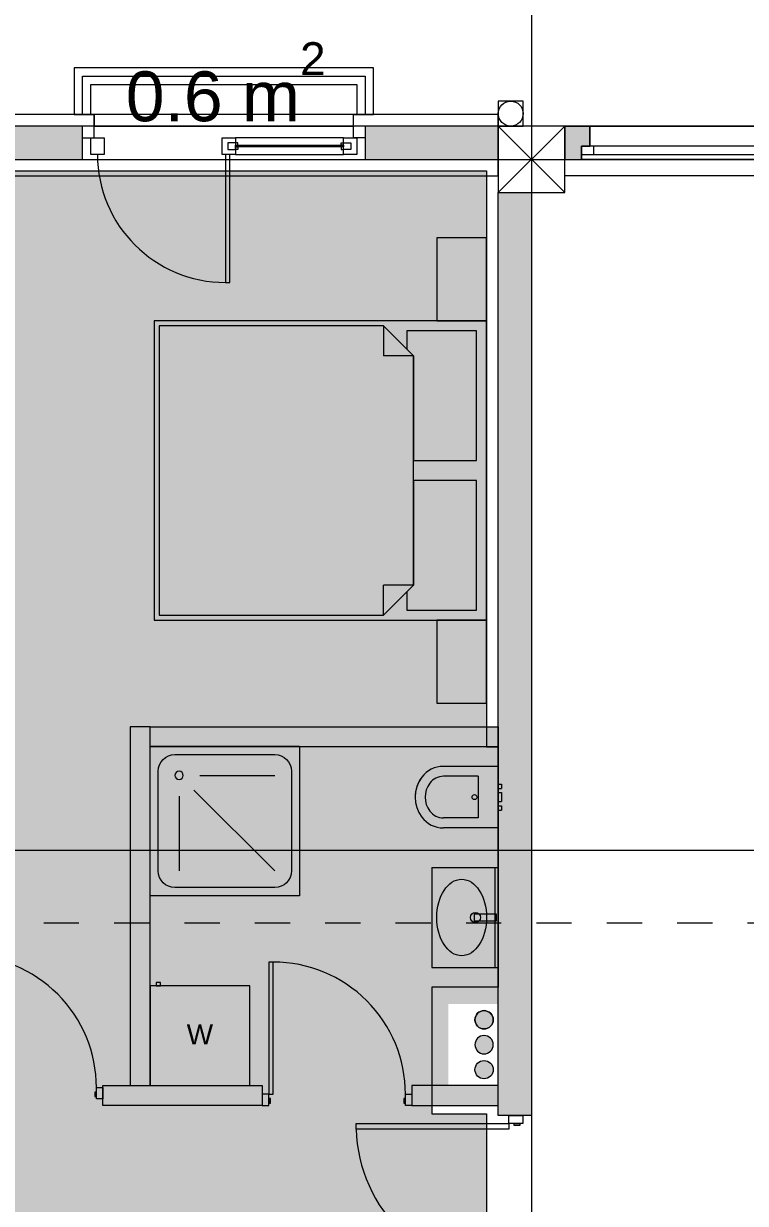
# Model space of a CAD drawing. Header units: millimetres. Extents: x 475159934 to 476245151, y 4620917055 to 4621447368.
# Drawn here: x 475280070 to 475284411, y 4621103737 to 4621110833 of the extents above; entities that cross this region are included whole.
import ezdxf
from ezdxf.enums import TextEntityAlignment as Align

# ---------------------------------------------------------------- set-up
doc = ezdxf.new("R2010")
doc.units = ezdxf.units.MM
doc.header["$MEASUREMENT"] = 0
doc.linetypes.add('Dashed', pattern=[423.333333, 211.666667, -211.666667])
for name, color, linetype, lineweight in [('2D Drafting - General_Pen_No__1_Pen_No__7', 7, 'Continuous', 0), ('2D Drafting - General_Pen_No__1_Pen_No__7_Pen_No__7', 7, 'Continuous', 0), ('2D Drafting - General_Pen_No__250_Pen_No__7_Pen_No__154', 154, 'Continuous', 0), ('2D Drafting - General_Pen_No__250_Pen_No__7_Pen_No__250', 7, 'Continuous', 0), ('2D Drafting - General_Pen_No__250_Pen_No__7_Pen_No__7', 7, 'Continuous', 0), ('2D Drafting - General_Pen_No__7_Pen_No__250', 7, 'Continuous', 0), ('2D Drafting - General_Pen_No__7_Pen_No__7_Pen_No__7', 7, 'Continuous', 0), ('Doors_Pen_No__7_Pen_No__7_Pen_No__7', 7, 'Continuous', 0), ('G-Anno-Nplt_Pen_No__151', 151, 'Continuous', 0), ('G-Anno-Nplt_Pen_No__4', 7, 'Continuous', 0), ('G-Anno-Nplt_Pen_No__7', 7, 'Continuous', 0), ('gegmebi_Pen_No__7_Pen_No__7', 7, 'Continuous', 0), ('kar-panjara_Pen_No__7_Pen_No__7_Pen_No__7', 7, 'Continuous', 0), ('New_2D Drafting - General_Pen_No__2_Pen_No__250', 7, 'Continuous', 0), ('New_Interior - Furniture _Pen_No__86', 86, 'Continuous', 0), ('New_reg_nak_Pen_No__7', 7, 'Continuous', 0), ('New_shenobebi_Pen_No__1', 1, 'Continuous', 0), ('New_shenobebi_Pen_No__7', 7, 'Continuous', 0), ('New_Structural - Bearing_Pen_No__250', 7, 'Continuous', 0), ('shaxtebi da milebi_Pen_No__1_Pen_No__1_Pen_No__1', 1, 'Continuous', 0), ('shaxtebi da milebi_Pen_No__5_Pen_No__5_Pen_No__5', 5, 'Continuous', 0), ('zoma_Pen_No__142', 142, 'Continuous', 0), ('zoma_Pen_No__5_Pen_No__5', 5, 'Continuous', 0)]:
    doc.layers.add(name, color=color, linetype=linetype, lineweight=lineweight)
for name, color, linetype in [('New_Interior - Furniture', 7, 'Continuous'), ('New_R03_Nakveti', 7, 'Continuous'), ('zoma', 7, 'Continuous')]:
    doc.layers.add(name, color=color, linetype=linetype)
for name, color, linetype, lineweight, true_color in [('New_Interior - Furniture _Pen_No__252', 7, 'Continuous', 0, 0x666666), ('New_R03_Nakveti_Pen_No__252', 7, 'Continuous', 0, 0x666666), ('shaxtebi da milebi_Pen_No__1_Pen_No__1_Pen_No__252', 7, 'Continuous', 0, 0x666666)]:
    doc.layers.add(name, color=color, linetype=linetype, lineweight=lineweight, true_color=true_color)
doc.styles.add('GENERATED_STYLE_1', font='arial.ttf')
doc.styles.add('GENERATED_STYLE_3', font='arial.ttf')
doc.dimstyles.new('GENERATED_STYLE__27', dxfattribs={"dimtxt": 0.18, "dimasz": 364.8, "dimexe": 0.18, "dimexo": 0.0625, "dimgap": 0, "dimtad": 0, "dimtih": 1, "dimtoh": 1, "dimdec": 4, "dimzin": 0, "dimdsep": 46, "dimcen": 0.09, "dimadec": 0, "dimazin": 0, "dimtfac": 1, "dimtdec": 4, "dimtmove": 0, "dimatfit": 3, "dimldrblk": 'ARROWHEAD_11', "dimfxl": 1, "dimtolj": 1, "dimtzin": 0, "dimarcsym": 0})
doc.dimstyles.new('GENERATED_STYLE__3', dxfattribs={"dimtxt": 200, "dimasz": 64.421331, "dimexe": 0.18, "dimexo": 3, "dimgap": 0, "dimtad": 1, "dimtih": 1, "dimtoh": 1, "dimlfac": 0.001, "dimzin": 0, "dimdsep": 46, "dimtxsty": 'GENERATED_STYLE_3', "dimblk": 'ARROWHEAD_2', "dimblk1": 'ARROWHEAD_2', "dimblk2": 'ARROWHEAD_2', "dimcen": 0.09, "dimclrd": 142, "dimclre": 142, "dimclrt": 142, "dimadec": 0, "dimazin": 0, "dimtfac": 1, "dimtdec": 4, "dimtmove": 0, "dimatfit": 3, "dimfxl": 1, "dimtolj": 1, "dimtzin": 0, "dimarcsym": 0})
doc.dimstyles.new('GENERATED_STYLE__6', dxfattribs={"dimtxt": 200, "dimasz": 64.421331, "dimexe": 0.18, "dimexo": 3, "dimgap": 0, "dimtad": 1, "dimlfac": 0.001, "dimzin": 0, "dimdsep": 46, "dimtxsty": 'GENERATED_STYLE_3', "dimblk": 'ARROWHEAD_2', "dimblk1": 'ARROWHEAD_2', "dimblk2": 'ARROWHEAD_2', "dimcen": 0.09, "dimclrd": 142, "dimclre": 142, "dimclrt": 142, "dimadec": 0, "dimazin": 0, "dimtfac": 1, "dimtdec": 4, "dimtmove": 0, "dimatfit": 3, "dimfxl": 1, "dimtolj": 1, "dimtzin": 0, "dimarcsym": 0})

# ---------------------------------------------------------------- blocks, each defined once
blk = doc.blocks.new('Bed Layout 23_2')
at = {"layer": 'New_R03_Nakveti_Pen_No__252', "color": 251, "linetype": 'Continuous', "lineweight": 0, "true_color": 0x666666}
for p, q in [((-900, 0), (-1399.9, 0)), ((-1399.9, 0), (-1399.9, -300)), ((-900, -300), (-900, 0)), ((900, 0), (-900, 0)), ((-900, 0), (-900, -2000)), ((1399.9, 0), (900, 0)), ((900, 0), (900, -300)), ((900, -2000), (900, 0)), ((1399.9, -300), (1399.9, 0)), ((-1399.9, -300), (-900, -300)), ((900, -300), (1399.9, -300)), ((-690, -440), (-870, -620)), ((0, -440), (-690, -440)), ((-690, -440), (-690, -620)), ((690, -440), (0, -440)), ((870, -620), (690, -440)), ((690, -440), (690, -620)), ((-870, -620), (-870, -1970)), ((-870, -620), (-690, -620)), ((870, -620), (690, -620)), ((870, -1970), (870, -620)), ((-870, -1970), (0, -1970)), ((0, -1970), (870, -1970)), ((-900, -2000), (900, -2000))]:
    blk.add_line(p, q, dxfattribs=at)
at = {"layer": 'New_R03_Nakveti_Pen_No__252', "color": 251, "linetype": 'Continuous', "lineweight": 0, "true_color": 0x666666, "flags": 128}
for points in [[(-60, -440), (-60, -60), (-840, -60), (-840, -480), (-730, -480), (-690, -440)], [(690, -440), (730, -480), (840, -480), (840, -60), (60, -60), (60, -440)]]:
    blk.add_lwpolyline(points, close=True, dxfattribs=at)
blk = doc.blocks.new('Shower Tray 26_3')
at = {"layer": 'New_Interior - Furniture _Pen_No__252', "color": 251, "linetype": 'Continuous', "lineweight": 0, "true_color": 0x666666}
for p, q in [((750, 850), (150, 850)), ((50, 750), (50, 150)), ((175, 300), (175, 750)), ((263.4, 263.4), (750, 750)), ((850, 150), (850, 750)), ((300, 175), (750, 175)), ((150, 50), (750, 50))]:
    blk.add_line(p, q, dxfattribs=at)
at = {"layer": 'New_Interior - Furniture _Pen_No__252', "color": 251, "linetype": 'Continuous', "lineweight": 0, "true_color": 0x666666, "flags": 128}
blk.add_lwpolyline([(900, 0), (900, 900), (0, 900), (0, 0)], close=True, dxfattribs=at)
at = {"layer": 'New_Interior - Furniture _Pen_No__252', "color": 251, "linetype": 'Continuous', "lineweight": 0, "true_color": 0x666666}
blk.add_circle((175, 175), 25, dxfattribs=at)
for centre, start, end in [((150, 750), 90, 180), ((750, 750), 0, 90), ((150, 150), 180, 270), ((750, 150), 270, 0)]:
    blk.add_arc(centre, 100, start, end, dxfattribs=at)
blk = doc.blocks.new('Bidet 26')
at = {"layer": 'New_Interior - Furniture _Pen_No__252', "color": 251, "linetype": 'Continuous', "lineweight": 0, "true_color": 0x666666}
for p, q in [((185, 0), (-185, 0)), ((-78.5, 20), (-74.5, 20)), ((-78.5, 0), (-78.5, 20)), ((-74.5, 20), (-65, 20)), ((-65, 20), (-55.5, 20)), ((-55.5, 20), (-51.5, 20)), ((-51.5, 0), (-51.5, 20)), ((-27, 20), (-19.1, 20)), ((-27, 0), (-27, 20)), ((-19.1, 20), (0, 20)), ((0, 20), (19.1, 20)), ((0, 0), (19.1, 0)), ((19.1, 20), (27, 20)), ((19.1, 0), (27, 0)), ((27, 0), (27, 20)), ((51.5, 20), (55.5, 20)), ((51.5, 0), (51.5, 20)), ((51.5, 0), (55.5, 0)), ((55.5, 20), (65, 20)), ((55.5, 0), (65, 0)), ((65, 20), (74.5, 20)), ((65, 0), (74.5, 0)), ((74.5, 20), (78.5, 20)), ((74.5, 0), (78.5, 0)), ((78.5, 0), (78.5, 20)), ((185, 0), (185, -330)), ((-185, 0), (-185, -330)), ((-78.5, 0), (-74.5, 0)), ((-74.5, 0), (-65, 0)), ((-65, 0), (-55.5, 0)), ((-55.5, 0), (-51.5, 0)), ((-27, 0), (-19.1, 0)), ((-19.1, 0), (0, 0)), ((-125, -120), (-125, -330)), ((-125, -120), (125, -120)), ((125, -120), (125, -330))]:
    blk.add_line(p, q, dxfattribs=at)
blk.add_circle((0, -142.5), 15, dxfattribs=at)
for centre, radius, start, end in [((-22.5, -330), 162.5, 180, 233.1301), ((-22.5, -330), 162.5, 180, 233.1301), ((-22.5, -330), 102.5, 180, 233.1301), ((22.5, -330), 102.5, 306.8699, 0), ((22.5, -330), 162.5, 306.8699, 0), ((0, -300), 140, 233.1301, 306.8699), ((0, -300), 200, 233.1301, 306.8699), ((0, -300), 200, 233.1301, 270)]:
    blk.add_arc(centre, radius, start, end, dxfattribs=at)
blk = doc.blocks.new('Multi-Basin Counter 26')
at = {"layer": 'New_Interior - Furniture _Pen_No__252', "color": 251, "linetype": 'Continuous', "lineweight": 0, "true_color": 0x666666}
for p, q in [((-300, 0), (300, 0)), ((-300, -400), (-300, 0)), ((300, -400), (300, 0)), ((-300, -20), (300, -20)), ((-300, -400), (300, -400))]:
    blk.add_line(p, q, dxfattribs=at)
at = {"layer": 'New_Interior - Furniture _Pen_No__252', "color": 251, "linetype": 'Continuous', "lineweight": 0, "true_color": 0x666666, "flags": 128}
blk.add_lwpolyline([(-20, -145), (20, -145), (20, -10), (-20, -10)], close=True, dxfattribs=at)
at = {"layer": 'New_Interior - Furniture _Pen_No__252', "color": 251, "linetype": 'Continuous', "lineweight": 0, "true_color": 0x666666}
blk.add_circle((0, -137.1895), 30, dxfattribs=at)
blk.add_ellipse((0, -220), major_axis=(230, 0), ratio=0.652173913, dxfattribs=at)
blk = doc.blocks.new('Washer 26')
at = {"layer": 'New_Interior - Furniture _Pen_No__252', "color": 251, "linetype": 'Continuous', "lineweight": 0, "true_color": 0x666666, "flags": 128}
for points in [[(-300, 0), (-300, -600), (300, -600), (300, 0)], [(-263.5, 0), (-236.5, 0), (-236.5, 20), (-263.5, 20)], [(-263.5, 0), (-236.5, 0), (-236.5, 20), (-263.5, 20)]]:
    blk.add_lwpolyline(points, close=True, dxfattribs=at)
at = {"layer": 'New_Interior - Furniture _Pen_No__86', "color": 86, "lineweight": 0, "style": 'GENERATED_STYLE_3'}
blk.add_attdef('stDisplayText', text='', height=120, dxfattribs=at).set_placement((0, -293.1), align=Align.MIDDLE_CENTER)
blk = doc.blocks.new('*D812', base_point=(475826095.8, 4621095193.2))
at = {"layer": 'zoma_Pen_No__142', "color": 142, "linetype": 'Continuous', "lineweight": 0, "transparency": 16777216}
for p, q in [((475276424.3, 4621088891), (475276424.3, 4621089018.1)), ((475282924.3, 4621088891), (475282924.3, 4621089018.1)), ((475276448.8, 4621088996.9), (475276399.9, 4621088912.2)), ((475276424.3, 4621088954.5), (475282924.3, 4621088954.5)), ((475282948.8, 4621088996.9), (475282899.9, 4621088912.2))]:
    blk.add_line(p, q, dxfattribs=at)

+++

- _WHAT YOU HAVE TO DO_: Locate the string "dimclrt" in the listing above and copy every line where it occurs.

- _REPLY TO THE TASK_:
doc.dimstyles.new('GENERATED_STYLE__3', dxfattribs={"dimtxt": 200, "dimasz": 64.421331, "dimexe": 0.18, "dimexo": 3, "dimgap": 0, "dimtad": 1, "dimtih": 1, "dimtoh": 1, "dimlfac": 0.001, "dimzin": 0, "dimdsep": 46, "dimtxsty": 'GENERATED_STYLE_3', "dimblk": 'ARROWHEAD_2', "dimblk1": 'ARROWHEAD_2', "dimblk2": 'ARROWHEAD_2', "dimcen": 0.09, "dimclrd": 142, "dimclre": 142, "dimclrt": 142, "dimadec": 0, "dimazin": 0, "dimtfac": 1, "dimtdec": 4, "dimtmove": 0, "dimatfit": 3, "dimfxl": 1, "dimtolj": 1, "dimtzin": 0, "dimarcsym": 0})
doc.dimstyles.new('GENERATED_STYLE__6', dxfattribs={"dimtxt": 200, "dimasz": 64.421331, "dimexe": 0.18, "dimexo": 3, "dimgap": 0, "dimtad": 1, "dimlfac": 0.001, "dimzin": 0, "dimdsep": 46, "dimtxsty": 'GENERATED_STYLE_3', "dimblk": 'ARROWHEAD_2', "dimblk1": 'ARROWHEAD_2', "dimblk2": 'ARROWHEAD_2', "dimcen": 0.09, "dimclrd": 142, "dimclre": 142, "dimclrt": 142, "dimadec": 0, "dimazin": 0, "dimtfac": 1, "dimtdec": 4, "dimtmove": 0, "dimatfit": 3, "dimfxl": 1, "dimtolj": 1, "dimtzin": 0, "dimarcsym": 0})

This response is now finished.